* [Your instructions]
Give again, exactly as written, each line of the material below starting at the line that contains "- added C2, C4, C8: 100uF, symbol" and ending at the line that contains "- new net: D3.1 (K), D4.2 (A)". Both ends count, and no other line does.

* [Task inputs]
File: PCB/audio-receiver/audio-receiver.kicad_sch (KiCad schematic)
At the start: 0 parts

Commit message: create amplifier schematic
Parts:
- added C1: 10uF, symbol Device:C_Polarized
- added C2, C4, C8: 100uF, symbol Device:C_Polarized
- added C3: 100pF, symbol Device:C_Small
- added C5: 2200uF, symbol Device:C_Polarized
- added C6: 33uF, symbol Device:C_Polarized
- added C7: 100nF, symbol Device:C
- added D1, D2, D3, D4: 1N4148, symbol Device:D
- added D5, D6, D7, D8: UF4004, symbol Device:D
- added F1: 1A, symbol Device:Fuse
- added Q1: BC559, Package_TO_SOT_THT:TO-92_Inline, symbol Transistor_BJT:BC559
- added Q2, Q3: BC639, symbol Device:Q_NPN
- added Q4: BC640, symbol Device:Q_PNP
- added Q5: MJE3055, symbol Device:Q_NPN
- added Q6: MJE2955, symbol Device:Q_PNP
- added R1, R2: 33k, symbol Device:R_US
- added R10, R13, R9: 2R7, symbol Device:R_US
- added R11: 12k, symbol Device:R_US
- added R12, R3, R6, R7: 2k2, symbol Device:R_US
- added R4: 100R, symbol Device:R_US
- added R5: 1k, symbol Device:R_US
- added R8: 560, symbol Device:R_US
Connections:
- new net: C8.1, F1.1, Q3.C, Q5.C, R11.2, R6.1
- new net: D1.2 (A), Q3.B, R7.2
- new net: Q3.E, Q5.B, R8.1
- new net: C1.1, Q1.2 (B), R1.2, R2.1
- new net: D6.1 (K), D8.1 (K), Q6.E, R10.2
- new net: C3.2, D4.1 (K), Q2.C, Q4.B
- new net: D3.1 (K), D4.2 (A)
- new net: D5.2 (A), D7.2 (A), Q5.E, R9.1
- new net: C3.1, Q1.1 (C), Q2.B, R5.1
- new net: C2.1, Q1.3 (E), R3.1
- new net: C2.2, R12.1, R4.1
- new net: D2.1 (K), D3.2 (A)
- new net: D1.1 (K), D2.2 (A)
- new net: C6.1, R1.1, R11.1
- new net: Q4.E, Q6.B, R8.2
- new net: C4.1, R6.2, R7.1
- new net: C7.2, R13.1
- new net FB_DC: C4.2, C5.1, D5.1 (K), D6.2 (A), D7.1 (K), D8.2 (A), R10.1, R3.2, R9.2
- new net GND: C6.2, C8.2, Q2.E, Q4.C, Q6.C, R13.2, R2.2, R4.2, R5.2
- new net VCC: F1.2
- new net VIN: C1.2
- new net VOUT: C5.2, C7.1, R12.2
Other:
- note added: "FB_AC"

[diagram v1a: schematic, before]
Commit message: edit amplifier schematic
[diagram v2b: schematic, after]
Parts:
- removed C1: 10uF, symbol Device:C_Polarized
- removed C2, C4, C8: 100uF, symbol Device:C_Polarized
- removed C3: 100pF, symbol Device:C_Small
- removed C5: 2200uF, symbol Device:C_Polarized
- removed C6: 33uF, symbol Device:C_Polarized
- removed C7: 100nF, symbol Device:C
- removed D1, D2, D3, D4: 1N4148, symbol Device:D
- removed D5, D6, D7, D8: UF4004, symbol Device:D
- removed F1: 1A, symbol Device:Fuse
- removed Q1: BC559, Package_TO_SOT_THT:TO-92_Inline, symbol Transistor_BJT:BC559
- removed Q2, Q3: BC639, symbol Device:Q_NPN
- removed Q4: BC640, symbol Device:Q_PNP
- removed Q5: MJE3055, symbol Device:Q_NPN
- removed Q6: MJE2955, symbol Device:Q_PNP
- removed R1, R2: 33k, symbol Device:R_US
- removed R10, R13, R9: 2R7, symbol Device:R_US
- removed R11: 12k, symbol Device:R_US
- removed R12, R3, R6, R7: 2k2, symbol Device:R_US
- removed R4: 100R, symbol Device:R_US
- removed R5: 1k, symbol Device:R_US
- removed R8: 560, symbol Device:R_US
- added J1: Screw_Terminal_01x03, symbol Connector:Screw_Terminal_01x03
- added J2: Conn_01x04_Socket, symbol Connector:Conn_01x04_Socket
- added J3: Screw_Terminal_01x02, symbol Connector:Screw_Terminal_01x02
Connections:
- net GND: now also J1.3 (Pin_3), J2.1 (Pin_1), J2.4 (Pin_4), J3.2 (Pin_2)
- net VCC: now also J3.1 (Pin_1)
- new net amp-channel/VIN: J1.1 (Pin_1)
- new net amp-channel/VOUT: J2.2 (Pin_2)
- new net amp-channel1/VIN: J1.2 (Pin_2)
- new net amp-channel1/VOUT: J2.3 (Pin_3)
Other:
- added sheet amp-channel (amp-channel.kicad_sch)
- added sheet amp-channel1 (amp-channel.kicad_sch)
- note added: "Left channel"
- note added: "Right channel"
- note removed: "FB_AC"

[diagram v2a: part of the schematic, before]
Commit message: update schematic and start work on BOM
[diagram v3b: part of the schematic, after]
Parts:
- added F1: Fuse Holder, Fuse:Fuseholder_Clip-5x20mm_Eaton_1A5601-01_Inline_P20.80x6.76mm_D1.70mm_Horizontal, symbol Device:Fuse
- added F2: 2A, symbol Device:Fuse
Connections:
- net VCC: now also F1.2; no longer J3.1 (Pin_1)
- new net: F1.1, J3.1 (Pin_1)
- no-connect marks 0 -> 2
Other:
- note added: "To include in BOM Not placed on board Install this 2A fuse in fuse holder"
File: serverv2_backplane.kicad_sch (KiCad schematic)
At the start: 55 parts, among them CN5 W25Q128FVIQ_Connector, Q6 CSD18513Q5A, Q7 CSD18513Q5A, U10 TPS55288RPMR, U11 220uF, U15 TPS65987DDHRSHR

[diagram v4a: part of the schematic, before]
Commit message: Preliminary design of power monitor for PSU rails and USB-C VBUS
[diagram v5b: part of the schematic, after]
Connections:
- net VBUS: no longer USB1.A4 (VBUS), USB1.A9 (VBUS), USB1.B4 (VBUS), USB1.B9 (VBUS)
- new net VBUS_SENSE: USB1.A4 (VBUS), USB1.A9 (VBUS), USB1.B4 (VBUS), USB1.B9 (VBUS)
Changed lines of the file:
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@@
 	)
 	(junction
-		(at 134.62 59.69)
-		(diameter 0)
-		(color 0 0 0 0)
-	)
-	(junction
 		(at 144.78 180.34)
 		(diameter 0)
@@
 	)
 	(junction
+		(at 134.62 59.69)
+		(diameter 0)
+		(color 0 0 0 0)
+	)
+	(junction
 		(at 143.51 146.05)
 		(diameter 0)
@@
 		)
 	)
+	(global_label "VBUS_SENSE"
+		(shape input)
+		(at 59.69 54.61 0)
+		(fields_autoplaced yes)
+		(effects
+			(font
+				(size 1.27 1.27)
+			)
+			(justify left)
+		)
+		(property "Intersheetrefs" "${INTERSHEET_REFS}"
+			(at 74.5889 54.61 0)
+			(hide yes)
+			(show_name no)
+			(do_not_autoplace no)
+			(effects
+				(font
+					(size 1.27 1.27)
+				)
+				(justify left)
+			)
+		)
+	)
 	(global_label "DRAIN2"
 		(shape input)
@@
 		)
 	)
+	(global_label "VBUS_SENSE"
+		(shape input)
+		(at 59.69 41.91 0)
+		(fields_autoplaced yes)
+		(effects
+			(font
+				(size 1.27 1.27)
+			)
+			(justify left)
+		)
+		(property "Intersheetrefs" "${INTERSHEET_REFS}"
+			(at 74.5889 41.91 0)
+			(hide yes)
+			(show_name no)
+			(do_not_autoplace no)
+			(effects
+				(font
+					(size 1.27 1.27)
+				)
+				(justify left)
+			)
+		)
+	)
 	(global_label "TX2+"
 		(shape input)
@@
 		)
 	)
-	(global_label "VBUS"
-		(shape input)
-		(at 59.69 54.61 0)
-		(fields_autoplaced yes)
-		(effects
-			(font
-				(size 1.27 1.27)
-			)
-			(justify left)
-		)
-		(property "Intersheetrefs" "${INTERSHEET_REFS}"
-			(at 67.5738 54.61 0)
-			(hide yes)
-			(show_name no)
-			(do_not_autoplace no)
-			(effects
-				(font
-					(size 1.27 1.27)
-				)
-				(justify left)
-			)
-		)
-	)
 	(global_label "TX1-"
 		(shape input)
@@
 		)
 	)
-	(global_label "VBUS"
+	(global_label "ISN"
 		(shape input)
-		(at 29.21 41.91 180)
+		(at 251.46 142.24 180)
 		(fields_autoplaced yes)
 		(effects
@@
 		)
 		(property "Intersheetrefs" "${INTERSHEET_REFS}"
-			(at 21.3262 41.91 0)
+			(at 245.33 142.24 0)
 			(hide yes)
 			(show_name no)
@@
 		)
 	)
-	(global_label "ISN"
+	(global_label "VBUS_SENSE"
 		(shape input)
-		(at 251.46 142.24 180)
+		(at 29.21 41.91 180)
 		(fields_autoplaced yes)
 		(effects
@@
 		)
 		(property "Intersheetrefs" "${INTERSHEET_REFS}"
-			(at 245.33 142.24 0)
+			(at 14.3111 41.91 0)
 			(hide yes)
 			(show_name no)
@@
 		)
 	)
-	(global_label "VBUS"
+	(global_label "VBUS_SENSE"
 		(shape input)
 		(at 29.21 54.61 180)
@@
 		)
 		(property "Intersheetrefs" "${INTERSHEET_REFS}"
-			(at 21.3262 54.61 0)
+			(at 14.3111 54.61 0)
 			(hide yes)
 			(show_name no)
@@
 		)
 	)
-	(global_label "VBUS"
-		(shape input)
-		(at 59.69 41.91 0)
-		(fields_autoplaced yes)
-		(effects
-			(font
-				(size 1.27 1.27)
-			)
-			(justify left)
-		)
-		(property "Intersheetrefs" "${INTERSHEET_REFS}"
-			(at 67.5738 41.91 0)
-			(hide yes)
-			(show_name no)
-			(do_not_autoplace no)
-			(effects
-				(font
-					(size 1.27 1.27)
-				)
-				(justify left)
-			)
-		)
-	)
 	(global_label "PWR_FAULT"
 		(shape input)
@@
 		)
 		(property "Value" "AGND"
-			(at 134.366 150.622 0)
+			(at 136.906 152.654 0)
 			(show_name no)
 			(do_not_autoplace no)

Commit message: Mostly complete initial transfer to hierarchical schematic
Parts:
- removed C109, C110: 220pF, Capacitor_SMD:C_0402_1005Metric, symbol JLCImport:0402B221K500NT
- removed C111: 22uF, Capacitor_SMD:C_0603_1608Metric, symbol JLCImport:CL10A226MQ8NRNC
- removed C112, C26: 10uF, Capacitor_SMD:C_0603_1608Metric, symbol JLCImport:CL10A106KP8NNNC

* [Result for this exercise]
- added C2, C4, C8: 100uF, symbol Device:C_Polarized
- added C3: 100pF, symbol Device:C_Small
- added C5: 2200uF, symbol Device:C_Polarized
- added C6: 33uF, symbol Device:C_Polarized
- added C7: 100nF, symbol Device:C
- added D1, D2, D3, D4: 1N4148, symbol Device:D
- added D5, D6, D7, D8: UF4004, symbol Device:D
- added F1: 1A, symbol Device:Fuse
- added Q1: BC559, Package_TO_SOT_THT:TO-92_Inline, symbol Transistor_BJT:BC559
- added Q2, Q3: BC639, symbol Device:Q_NPN
- added Q4: BC640, symbol Device:Q_PNP
- added Q5: MJE3055, symbol Device:Q_NPN
- added Q6: MJE2955, symbol Device:Q_PNP
- added R1, R2: 33k, symbol Device:R_US
- added R10, R13, R9: 2R7, symbol Device:R_US
- added R11: 12k, symbol Device:R_US
- added R12, R3, R6, R7: 2k2, symbol Device:R_US
- added R4: 100R, symbol Device:R_US
- added R5: 1k, symbol Device:R_US
- added R8: 560, symbol Device:R_US
Connections:
- new net: C8.1, F1.1, Q3.C, Q5.C, R11.2, R6.1
- new net: D1.2 (A), Q3.B, R7.2
- new net: Q3.E, Q5.B, R8.1
- new net: C1.1, Q1.2 (B), R1.2, R2.1
- new net: D6.1 (K), D8.1 (K), Q6.E, R10.2
- new net: C3.2, D4.1 (K), Q2.C, Q4.B
- new net: D3.1 (K), D4.2 (A)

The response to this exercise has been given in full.